# Highest Jump



## Jehane Michael Le Grange (Feb 24, 2009)

Just out of curiosity, I would like to know if anyone knows what the highest wall scaled by any dog is. 

I am talking about the high wall in the ring sports and what the highest wall ever cleared by the dog is as well as what breed it is.

Does anyone know what the highest wall scaled by a GSD is versus a Malinois?

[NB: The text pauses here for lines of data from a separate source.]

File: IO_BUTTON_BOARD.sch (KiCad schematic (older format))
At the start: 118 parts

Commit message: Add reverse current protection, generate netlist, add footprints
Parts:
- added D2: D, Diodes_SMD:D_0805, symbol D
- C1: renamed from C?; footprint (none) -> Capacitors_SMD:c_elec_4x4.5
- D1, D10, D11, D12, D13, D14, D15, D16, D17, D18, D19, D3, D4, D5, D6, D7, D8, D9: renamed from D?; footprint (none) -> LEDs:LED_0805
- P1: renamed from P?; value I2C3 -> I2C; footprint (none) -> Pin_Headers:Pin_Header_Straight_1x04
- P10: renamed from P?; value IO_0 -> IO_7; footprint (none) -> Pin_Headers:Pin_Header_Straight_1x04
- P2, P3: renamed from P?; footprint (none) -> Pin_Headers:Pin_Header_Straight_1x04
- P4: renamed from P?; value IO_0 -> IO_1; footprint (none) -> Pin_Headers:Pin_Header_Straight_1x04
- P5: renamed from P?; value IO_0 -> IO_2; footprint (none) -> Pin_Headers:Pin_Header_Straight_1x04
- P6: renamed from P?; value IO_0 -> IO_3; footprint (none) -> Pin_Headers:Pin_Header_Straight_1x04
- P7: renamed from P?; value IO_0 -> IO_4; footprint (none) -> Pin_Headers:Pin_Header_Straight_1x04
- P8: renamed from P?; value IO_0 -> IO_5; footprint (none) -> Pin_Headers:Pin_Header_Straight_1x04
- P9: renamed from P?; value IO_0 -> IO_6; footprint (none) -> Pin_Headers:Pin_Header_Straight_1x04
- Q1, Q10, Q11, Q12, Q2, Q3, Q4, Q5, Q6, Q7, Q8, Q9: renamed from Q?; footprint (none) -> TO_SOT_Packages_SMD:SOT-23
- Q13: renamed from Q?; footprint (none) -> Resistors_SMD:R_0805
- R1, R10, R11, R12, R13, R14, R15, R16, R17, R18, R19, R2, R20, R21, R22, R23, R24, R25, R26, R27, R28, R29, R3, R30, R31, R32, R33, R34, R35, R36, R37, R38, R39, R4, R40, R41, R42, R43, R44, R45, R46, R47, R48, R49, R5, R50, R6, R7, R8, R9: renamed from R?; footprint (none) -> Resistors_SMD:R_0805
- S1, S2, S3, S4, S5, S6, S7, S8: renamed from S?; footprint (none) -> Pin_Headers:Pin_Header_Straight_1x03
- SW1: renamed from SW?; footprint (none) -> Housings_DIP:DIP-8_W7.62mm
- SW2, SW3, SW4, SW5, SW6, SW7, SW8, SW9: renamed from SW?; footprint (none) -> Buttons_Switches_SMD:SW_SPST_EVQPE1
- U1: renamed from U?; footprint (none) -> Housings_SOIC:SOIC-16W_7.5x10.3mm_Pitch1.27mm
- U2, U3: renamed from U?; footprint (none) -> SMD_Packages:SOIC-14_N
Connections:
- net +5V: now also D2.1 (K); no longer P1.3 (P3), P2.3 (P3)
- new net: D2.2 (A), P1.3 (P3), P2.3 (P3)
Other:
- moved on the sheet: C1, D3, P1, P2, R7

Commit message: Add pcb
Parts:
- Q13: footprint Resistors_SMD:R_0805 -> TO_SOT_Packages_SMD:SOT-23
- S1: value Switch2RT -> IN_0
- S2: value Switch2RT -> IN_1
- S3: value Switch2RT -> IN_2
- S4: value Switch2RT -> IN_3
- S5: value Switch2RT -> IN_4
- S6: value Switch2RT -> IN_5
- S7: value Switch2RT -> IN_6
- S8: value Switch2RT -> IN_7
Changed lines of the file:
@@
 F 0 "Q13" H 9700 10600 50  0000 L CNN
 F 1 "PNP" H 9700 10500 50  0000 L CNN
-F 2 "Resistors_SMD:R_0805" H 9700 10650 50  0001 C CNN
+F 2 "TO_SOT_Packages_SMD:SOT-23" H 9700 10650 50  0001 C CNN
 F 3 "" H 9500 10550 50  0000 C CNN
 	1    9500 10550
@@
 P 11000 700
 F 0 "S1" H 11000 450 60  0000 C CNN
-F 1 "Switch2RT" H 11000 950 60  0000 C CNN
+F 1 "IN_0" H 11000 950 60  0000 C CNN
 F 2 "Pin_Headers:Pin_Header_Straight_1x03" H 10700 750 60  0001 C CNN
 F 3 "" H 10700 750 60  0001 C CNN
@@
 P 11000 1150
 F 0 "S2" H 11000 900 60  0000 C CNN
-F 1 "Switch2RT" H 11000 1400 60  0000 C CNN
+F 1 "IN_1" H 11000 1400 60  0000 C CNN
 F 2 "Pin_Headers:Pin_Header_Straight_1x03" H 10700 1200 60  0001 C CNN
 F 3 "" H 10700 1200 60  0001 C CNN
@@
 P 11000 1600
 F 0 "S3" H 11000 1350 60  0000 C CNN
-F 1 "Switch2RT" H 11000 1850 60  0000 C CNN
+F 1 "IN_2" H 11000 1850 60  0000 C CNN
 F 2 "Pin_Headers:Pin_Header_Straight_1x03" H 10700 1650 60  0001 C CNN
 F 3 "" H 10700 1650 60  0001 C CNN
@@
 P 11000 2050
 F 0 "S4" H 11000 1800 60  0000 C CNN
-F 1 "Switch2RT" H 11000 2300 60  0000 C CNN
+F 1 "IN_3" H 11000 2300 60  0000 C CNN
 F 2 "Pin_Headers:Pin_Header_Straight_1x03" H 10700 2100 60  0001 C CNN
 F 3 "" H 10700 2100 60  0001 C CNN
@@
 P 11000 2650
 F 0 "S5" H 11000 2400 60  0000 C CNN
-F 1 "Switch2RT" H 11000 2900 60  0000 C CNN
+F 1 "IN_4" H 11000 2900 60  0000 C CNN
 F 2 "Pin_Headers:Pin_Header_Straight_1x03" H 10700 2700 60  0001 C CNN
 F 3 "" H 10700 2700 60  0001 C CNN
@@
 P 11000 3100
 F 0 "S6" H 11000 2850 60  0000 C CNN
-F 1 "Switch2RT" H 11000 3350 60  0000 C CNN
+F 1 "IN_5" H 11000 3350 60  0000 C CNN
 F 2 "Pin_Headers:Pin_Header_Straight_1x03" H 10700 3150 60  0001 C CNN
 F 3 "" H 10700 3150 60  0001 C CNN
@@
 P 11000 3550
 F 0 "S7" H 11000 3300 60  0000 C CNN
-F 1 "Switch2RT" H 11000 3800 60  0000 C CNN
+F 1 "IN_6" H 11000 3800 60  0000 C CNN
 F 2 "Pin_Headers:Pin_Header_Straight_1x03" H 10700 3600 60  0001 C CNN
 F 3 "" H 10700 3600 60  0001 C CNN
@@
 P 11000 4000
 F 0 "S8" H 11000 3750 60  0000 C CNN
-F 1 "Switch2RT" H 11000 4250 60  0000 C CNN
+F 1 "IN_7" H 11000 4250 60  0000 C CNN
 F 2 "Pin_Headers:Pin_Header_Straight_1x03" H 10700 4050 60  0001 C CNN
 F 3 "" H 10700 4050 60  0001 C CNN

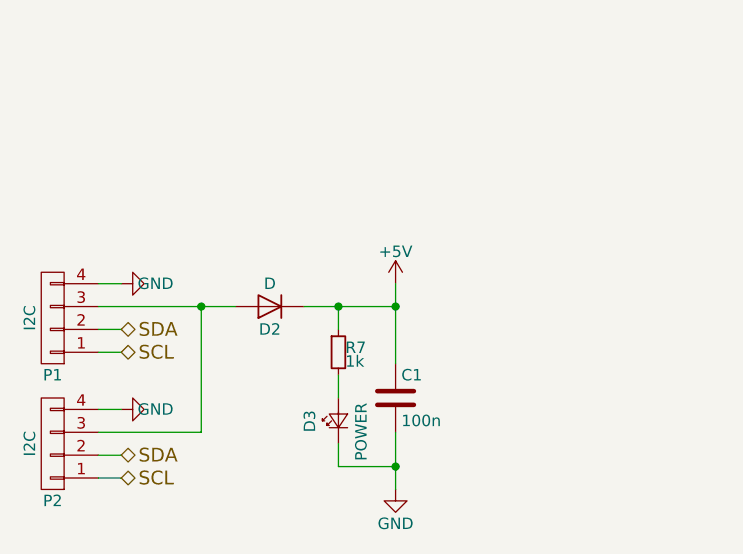
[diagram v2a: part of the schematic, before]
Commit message: Fix VCC disconnected issue Rerouted with larger width
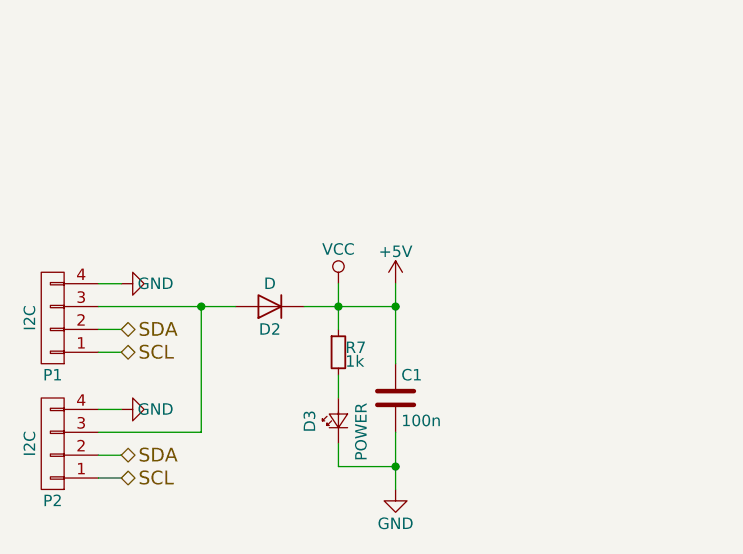
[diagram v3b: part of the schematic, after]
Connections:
- net VCC is gone; now on net +5V: U2.14 (VCC), U2.14 (VCC), U2.14 (VCC), U2.14 (VCC), U3.14 (VCC), U3.14 (VCC), U3.14 (VCC), U3.14 (VCC)
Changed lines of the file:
@@
 	1900 10600 1900 10500
 Wire Wire Line
-	1900 10300 1900 10200
+	1900 10100 1900 10300
 Wire Wire Line
 	1750 10200 2150 10200
@@
 Connection ~ 1900 10200
 Connection ~ 1300 10200
+$Comp
+L VCC #PWR?
+U 1 1 5C767C53
+P 1900 10100
+F 0 "#PWR?" H 1900 9950 50  0001 C CNN
+F 1 "VCC" H 1900 10250 50  0000 C CNN
+F 2 "" H 1900 10100 50  0000 C CNN
+F 3 "" H 1900 10100 50  0000 C CNN
+	1    1900 10100
+	1    0    0    -1
+$EndComp
 $EndSCHEMATC

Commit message: Reroute PCB with 'fake' +5V and GND netlist in order to get different width for PCB tracks
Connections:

I can't seem to find much when I google it...


----------



## Robley Smith (Apr 20, 2012)

I saw a you tube video on here somewhere of pitbulls doing some ridiculous heights, but no numbers.


----------



## Chris McDonald (May 29, 2008)

Ha, We never got to the next wall due to bee sting. Sorry not a ring sport wall, don’t even know what one is but I just thought it kind of sorta fits http://www.youtube.com/watch?v=PhrRUMmLss4&feature=channel&list=UL don’t even know how high it is? 
Should really go back and try one day 

And ya I think I saw the same pit, he was really ripping it up in that video


----------



## Bob Scott (Mar 30, 2006)

To my knowledge a Mal has scaled +13ft on the wall. I personally saw a Greyhound break the high jump record (cleared around 70 inches) at Purina Farms. That's been :-k 4-5 yrs ago I think, so I would suspect it's been broken by now.


----------



## Jehane Michael Le Grange (Feb 24, 2009)

Bob Scott said:


> To my knowledge a Mal has scaled +13ft on the wall. I personally saw a Greyhound break the high jump record (cleared around 70 inches) at Purina Farms. That's been :-k 4-5 yrs ago I think, so I would suspect it's been broken by now.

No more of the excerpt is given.